- **TASK TO COMPLETE**:
Retype only what runs from the beginning of the data through the line with "#45=FACE_BOUND('',#44,.T.);"; please omit the pictures and keep every line exact.

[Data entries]
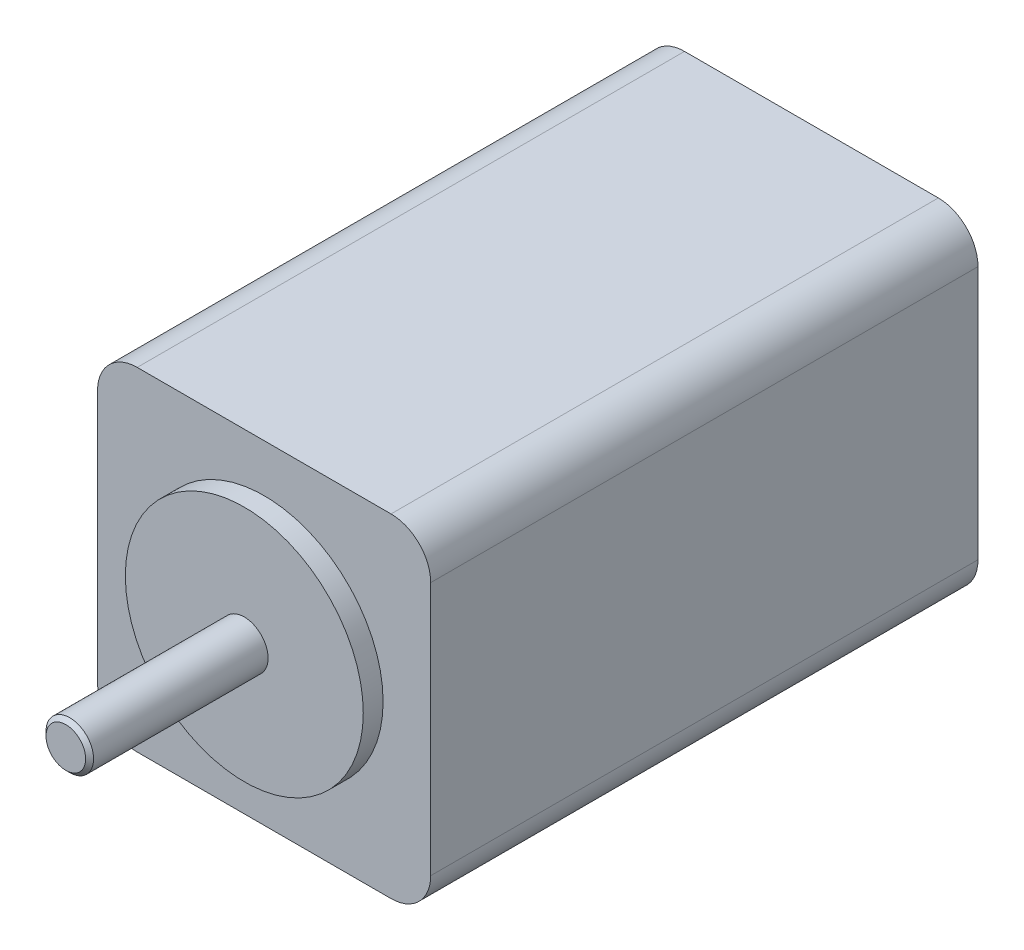
ISO-10303-21;
HEADER;
FILE_DESCRIPTION(('STEP AP214'),'2;1');
FILE_NAME('part.step','',(''),(''),'','','');
FILE_SCHEMA(('AUTOMOTIVE_DESIGN { 1 0 10303 214 1 1 1 1 }'));
ENDSEC;
DATA;
#1=APPLICATION_CONTEXT('core data for automotive mechanical design processes');
#2=APPLICATION_PROTOCOL_DEFINITION('international standard','automotive_design',2000,#1);
#3=PRODUCT_CONTEXT('',#1,'mechanical');
#4=PRODUCT('Part','Part','',(#3));
#5=PRODUCT_RELATED_PRODUCT_CATEGORY('part','',(#4));
#6=PRODUCT_DEFINITION_FORMATION('','',#4);
#7=PRODUCT_DEFINITION_CONTEXT('part definition',#1,'design');
#8=PRODUCT_DEFINITION('design','',#6,#7);
#9=PRODUCT_DEFINITION_SHAPE('','',#8);
#10=(LENGTH_UNIT() NAMED_UNIT(*) SI_UNIT(.MILLI.,.METRE.));
#11=(NAMED_UNIT(*) PLANE_ANGLE_UNIT() SI_UNIT($,.RADIAN.));
#12=(NAMED_UNIT(*) SI_UNIT($,.STERADIAN.) SOLID_ANGLE_UNIT());
#13=UNCERTAINTY_MEASURE_WITH_UNIT(LENGTH_MEASURE(1.E-05),#10,'distance_accuracy_value','');
#14=(GEOMETRIC_REPRESENTATION_CONTEXT(3) GLOBAL_UNCERTAINTY_ASSIGNED_CONTEXT((#13)) GLOBAL_UNIT_ASSIGNED_CONTEXT((#10,
#11,#12)) REPRESENTATION_CONTEXT('',''));
#15=CARTESIAN_POINT('',(0.,0.,0.));
#16=DIRECTION('',(0.,0.,1.));
#17=DIRECTION('',(1.,0.,0.));
#18=AXIS2_PLACEMENT_3D('',#15,#16,#17);
#19=CARTESIAN_POINT('',(0.,0.,7.5));
#20=DIRECTION('',(0.,0.,1.));
#21=DIRECTION('',(1.,0.,0.));
#22=AXIS2_PLACEMENT_3D('',#19,#20,#21);
#23=PLANE('',#22);
#24=CARTESIAN_POINT('',(0.,0.,7.5));
#25=DIRECTION('',(0.,0.,1.));
#26=DIRECTION('',(1.,0.,0.));
#27=AXIS2_PLACEMENT_3D('',#24,#25,#26);
#28=CIRCLE('',#27,15.);
#29=CARTESIAN_POINT('',(15.,0.,7.5));
#30=VERTEX_POINT('',#29);
#31=EDGE_CURVE('E147',#30,#30,#28,.T.);
#32=ORIENTED_EDGE('',*,*,#31,.T.);
#33=EDGE_LOOP('',(#32));
#34=FACE_BOUND('',#33,.T.);
#35=CARTESIAN_POINT('',(0.,0.,7.5));
#36=DIRECTION('',(0.,0.,1.));
#37=DIRECTION('',(1.,0.,0.));
#38=AXIS2_PLACEMENT_3D('',#35,#36,#37);
#39=CIRCLE('',#38,3.);
#40=CARTESIAN_POINT('',(-3.,0.,7.5));
#41=VERTEX_POINT('',#40);
#42=EDGE_CURVE('E143',#41,#41,#39,.T.);
#43=ORIENTED_EDGE('',*,*,#42,.F.);
#44=EDGE_LOOP('',(#43));
#45=FACE_BOUND('',#44,.T.);
#46=ADVANCED_FACE('F35',(#34,#45),#23,.T.);
#47=CARTESIAN_POINT('',(0.,0.,5.));
#48=DIRECTION('',(0.,0.,1.));
#49=DIRECTION('',(1.,0.,0.));
#50=AXIS2_PLACEMENT_3D('',#47,#48,#49);
#51=PLANE('',#50);
#52=DIRECTION('',(1.,0.,0.));
#53=VECTOR('',#52,1.);
#54=CARTESIAN_POINT('',(-21.,-21.,5.));
#55=LINE('',#54,#53);
#56=CARTESIAN_POINT('',(-16.,-21.,5.));
#57=VERTEX_POINT('',#56);
#58=CARTESIAN_POINT('',(16.,-21.,5.));
#59=VERTEX_POINT('',#58);
#60=EDGE_CURVE('E159',#57,#59,#55,.T.);
#61=ORIENTED_EDGE('',*,*,#60,.T.);
#62=CARTESIAN_POINT('',(16.,-16.,5.));
#63=DIRECTION('',(0.,0.,1.));
#64=DIRECTION('',(1.,0.,0.));
#65=AXIS2_PLACEMENT_3D('',#62,#63,#64);
#66=CIRCLE('',#65,5.);
#67=CARTESIAN_POINT('',(21.,-16.,5.));
#68=VERTEX_POINT('',#67);
#69=EDGE_CURVE('E107',#59,#68,#66,.T.);
#70=ORIENTED_EDGE('',*,*,#69,.T.);
#71=DIRECTION('',(0.,1.,0.));
#72=VECTOR('',#71,1.);
#73=CARTESIAN_POINT('',(21.,21.,5.));
#74=LINE('',#73,#72);
#75=CARTESIAN_POINT('',(21.,16.,5.));
#76=VERTEX_POINT('',#75);
#77=EDGE_CURVE('E150',#68,#76,#74,.T.);
#78=ORIENTED_EDGE('',*,*,#77,.T.);
#79=CARTESIAN_POINT('',(16.,16.,5.));
#80=DIRECTION('',(0.,0.,1.));
#81=DIRECTION('',(1.,0.,0.));
#82=AXIS2_PLACEMENT_3D('',#79,#80,#81);
#83=CIRCLE('',#82,5.);
#84=CARTESIAN_POINT('',(16.,21.,5.));
#85=VERTEX_POINT('',#84);
#86=EDGE_CURVE('E111',#76,#85,#83,.T.);
#87=ORIENTED_EDGE('',*,*,#86,.T.);
#88=DIRECTION('',(-1.,0.,0.));
#89=VECTOR('',#88,1.);
#90=CARTESIAN_POINT('',(-21.,21.,5.));
#91=LINE('',#90,#89);
#92=CARTESIAN_POINT('',(-16.,21.,5.));
#93=VERTEX_POINT('',#92);
#94=EDGE_CURVE('E155',#85,#93,#91,.T.);
#95=ORIENTED_EDGE('',*,*,#94,.T.);
#96=CARTESIAN_POINT('',(-16.,16.,5.));
#97=DIRECTION('',(0.,0.,1.));
#98=DIRECTION('',(1.,0.,0.));
#99=AXIS2_PLACEMENT_3D('',#96,#97,#98);
#100=CIRCLE('',#99,5.);
#101=CARTESIAN_POINT('',(-21.,16.,5.));
#102=VERTEX_POINT('',#101);
#103=EDGE_CURVE('E57',#93,#102,#100,.T.);
#104=ORIENTED_EDGE('',*,*,#103,.T.);
#105=DIRECTION('',(0.,-1.,0.));
#106=VECTOR('',#105,1.);
#107=CARTESIAN_POINT('',(-21.,21.,5.));
#108=LINE('',#107,#106);
#109=CARTESIAN_POINT('',(-21.,-16.,5.));
#110=VERTEX_POINT('',#109);
#111=EDGE_CURVE('E157',#102,#110,#108,.T.);
#112=ORIENTED_EDGE('',*,*,#111,.T.);
#113=CARTESIAN_POINT('',(-16.,-16.,5.));
#114=DIRECTION('',(0.,0.,1.));
#115=DIRECTION('',(1.,0.,0.));
#116=AXIS2_PLACEMENT_3D('',#113,#114,#115);
#117=CIRCLE('',#116,5.);
#118=EDGE_CURVE('E168',#110,#57,#117,.T.);
#119=ORIENTED_EDGE('',*,*,#118,.T.);
#120=EDGE_LOOP('',(#61,#70,#78,#87,#95,#104,#112,#119));
#121=FACE_BOUND('',#120,.T.);
#122=CARTESIAN_POINT('',(0.,0.,5.));
#123=DIRECTION('',(0.,0.,1.));
#124=DIRECTION('',(1.,0.,0.));
#125=AXIS2_PLACEMENT_3D('',#122,#123,#124);
#126=CIRCLE('',#125,15.);
#127=CARTESIAN_POINT('',(15.,0.,5.));
#128=VERTEX_POINT('',#127);
#129=EDGE_CURVE('E146',#128,#128,#126,.T.);
#130=ORIENTED_EDGE('',*,*,#129,.F.);
#131=EDGE_LOOP('',(#130));
#132=FACE_BOUND('',#131,.T.);
#133=ADVANCED_FACE('F190',(#121,#132),#51,.T.);
#134=CARTESIAN_POINT('',(21.,21.,5.));
#135=DIRECTION('',(-1.,0.,0.));
#136=DIRECTION('',(0.,-1.,0.));
#137=AXIS2_PLACEMENT_3D('',#134,#135,#136);
#138=PLANE('',#137);
#139=ORIENTED_EDGE('',*,*,#77,.F.);
#140=DIRECTION('',(0.,0.,-1.));
#141=VECTOR('',#140,1.);
#142=CARTESIAN_POINT('',(21.,-16.,5.));
#143=LINE('',#142,#141);
#144=CARTESIAN_POINT('',(21.,-16.,-64.));
#145=VERTEX_POINT('',#144);
#146=EDGE_CURVE('E163',#68,#145,#143,.T.);
#147=ORIENTED_EDGE('',*,*,#146,.T.);
#148=DIRECTION('',(0.,-1.,0.));
#149=VECTOR('',#148,1.);
#150=CARTESIAN_POINT('',(21.,-16.,-64.));
#151=LINE('',#150,#149);
#152=CARTESIAN_POINT('',(21.,16.,-64.));
#153=VERTEX_POINT('',#152);
#154=EDGE_CURVE('E127',#153,#145,#151,.T.);
#155=ORIENTED_EDGE('',*,*,#154,.F.);
#156=DIRECTION('',(0.,0.,-1.));
#157=VECTOR('',#156,1.);
#158=CARTESIAN_POINT('',(21.,16.,5.));
#159=LINE('',#158,#157);
#160=EDGE_CURVE('E161',#153,#76,#159,.F.);
#161=ORIENTED_EDGE('',*,*,#160,.T.);
#162=EDGE_LOOP('',(#139,#147,#155,#161));
#163=FACE_BOUND('',#162,.T.);
#164=ADVANCED_FACE('F196',(#163),#138,.F.);
#165=CARTESIAN_POINT('',(-21.,21.,5.));
#166=DIRECTION('',(0.,-1.,0.));
#167=DIRECTION('',(0.,0.,-1.));
#168=AXIS2_PLACEMENT_3D('',#165,#166,#167);
#169=PLANE('',#168);
#170=DIRECTION('',(0.,0.,-1.));
#171=VECTOR('',#170,1.);
#172=CARTESIAN_POINT('',(16.,21.,5.));
#173=LINE('',#172,#171);
#174=CARTESIAN_POINT('',(16.,21.,-64.));
#175=VERTEX_POINT('',#174);
#176=EDGE_CURVE('E174',#85,#175,#173,.T.);
#177=ORIENTED_EDGE('',*,*,#176,.T.);
#178=DIRECTION('',(1.,0.,0.));
#179=VECTOR('',#178,1.);
#180=CARTESIAN_POINT('',(16.,21.,-64.));
#181=LINE('',#180,#179);
#182=CARTESIAN_POINT('',(-16.,21.,-64.));
#183=VERTEX_POINT('',#182);
#184=EDGE_CURVE('E137',#183,#175,#181,.T.);
#185=ORIENTED_EDGE('',*,*,#184,.F.);
#186=DIRECTION('',(0.,0.,-1.));
#187=VECTOR('',#186,1.);
#188=CARTESIAN_POINT('',(-16.,21.,5.));
#189=LINE('',#188,#187);
#190=EDGE_CURVE('E176',#183,#93,#189,.F.);
#191=ORIENTED_EDGE('',*,*,#190,.T.);
#192=ORIENTED_EDGE('',*,*,#94,.F.);
#193=EDGE_LOOP('',(#177,#185,#191,#192));
#194=FACE_BOUND('',#193,.T.);
#195=ADVANCED_FACE('F213',(#194),#169,.F.);
#196=CARTESIAN_POINT('',(-21.,21.,5.));
#197=DIRECTION('',(1.,0.,0.));
#198=DIRECTION('',(0.,1.,0.));
#199=AXIS2_PLACEMENT_3D('',#196,#197,#198);
#200=PLANE('',#199);
#201=DIRECTION('',(0.,0.,-1.));
#202=VECTOR('',#201,1.);
#203=CARTESIAN_POINT('',(-21.,16.,5.));
#204=LINE('',#203,#202);
#205=CARTESIAN_POINT('',(-21.,16.,-64.));
#206=VERTEX_POINT('',#205);
#207=EDGE_CURVE('E171',#102,#206,#204,.T.);
#208=ORIENTED_EDGE('',*,*,#207,.T.);
#209=DIRECTION('',(0.,1.,0.));
#210=VECTOR('',#209,1.);
#211=CARTESIAN_POINT('',(-21.,16.,-64.));
#212=LINE('',#211,#210);
#213=CARTESIAN_POINT('',(-21.,-16.,-64.));
#214=VERTEX_POINT('',#213);
#215=EDGE_CURVE('E131',#214,#206,#212,.T.);
#216=ORIENTED_EDGE('',*,*,#215,.F.);
#217=DIRECTION('',(0.,0.,-1.));
#218=VECTOR('',#217,1.);
#219=CARTESIAN_POINT('',(-21.,-16.,5.));
#220=LINE('',#219,#218);
#221=EDGE_CURVE('E50',#214,#110,#220,.F.);
#222=ORIENTED_EDGE('',*,*,#221,.T.);
#223=ORIENTED_EDGE('',*,*,#111,.F.);
#224=EDGE_LOOP('',(#208,#216,#222,#223));
#225=FACE_BOUND('',#224,.T.);
#226=ADVANCED_FACE('F210',(#225),#200,.F.);
#227=CARTESIAN_POINT('',(-21.,-21.,5.));
#228=DIRECTION('',(0.,1.,0.));
#229=DIRECTION('',(0.,0.,1.));
#230=AXIS2_PLACEMENT_3D('',#227,#228,#229);
#231=PLANE('',#230);
#232=DIRECTION('',(0.,0.,-1.));
#233=VECTOR('',#232,1.);
#234=CARTESIAN_POINT('',(-16.,-21.,5.));
#235=LINE('',#234,#233);
#236=CARTESIAN_POINT('',(-16.,-21.,-64.));
#237=VERTEX_POINT('',#236);
#238=EDGE_CURVE('E112',#57,#237,#235,.T.);
#239=ORIENTED_EDGE('',*,*,#238,.T.);
#240=DIRECTION('',(-1.,0.,0.));
#241=VECTOR('',#240,1.);
#242=CARTESIAN_POINT('',(-16.,-21.,-64.));
#243=LINE('',#242,#241);
#244=CARTESIAN_POINT('',(16.,-21.,-64.));
#245=VERTEX_POINT('',#244);
#246=EDGE_CURVE('E115',#245,#237,#243,.T.);
#247=ORIENTED_EDGE('',*,*,#246,.F.);
#248=DIRECTION('',(0.,0.,-1.));
#249=VECTOR('',#248,1.);
#250=CARTESIAN_POINT('',(16.,-21.,5.));
#251=LINE('',#250,#249);
#252=EDGE_CURVE('E101',#245,#59,#251,.F.);
#253=ORIENTED_EDGE('',*,*,#252,.T.);
#254=ORIENTED_EDGE('',*,*,#60,.F.);
#255=EDGE_LOOP('',(#239,#247,#253,#254));
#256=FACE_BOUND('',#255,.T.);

- **SOLUTION TO THE EXERCISE**:
ISO-10303-21;
HEADER;
FILE_DESCRIPTION(('STEP AP214'),'2;1');
FILE_NAME('part.step','',(''),(''),'','','');
FILE_SCHEMA(('AUTOMOTIVE_DESIGN { 1 0 10303 214 1 1 1 1 }'));
ENDSEC;
DATA;
#1=APPLICATION_CONTEXT('core data for automotive mechanical design processes');
#2=APPLICATION_PROTOCOL_DEFINITION('international standard','automotive_design',2000,#1);
#3=PRODUCT_CONTEXT('',#1,'mechanical');
#4=PRODUCT('Part','Part','',(#3));
#5=PRODUCT_RELATED_PRODUCT_CATEGORY('part','',(#4));
#6=PRODUCT_DEFINITION_FORMATION('','',#4);
#7=PRODUCT_DEFINITION_CONTEXT('part definition',#1,'design');
#8=PRODUCT_DEFINITION('design','',#6,#7);
#9=PRODUCT_DEFINITION_SHAPE('','',#8);
#10=(LENGTH_UNIT() NAMED_UNIT(*) SI_UNIT(.MILLI.,.METRE.));
#11=(NAMED_UNIT(*) PLANE_ANGLE_UNIT() SI_UNIT($,.RADIAN.));
#12=(NAMED_UNIT(*) SI_UNIT($,.STERADIAN.) SOLID_ANGLE_UNIT());
#13=UNCERTAINTY_MEASURE_WITH_UNIT(LENGTH_MEASURE(1.E-05),#10,'distance_accuracy_value','');
#14=(GEOMETRIC_REPRESENTATION_CONTEXT(3) GLOBAL_UNCERTAINTY_ASSIGNED_CONTEXT((#13)) GLOBAL_UNIT_ASSIGNED_CONTEXT((#10,
#11,#12)) REPRESENTATION_CONTEXT('',''));
#15=CARTESIAN_POINT('',(0.,0.,0.));
#16=DIRECTION('',(0.,0.,1.));
#17=DIRECTION('',(1.,0.,0.));
#18=AXIS2_PLACEMENT_3D('',#15,#16,#17);
#19=CARTESIAN_POINT('',(0.,0.,7.5));
#20=DIRECTION('',(0.,0.,1.));
#21=DIRECTION('',(1.,0.,0.));
#22=AXIS2_PLACEMENT_3D('',#19,#20,#21);
#23=PLANE('',#22);
#24=CARTESIAN_POINT('',(0.,0.,7.5));
#25=DIRECTION('',(0.,0.,1.));
#26=DIRECTION('',(1.,0.,0.));
#27=AXIS2_PLACEMENT_3D('',#24,#25,#26);
#28=CIRCLE('',#27,15.);
#29=CARTESIAN_POINT('',(15.,0.,7.5));
#30=VERTEX_POINT('',#29);
#31=EDGE_CURVE('E147',#30,#30,#28,.T.);
#32=ORIENTED_EDGE('',*,*,#31,.T.);
#33=EDGE_LOOP('',(#32));
#34=FACE_BOUND('',#33,.T.);
#35=CARTESIAN_POINT('',(0.,0.,7.5));
#36=DIRECTION('',(0.,0.,1.));
#37=DIRECTION('',(1.,0.,0.));
#38=AXIS2_PLACEMENT_3D('',#35,#36,#37);
#39=CIRCLE('',#38,3.);
#40=CARTESIAN_POINT('',(-3.,0.,7.5));
#41=VERTEX_POINT('',#40);
#42=EDGE_CURVE('E143',#41,#41,#39,.T.);
#43=ORIENTED_EDGE('',*,*,#42,.F.);
#44=EDGE_LOOP('',(#43));
#45=FACE_BOUND('',#44,.T.);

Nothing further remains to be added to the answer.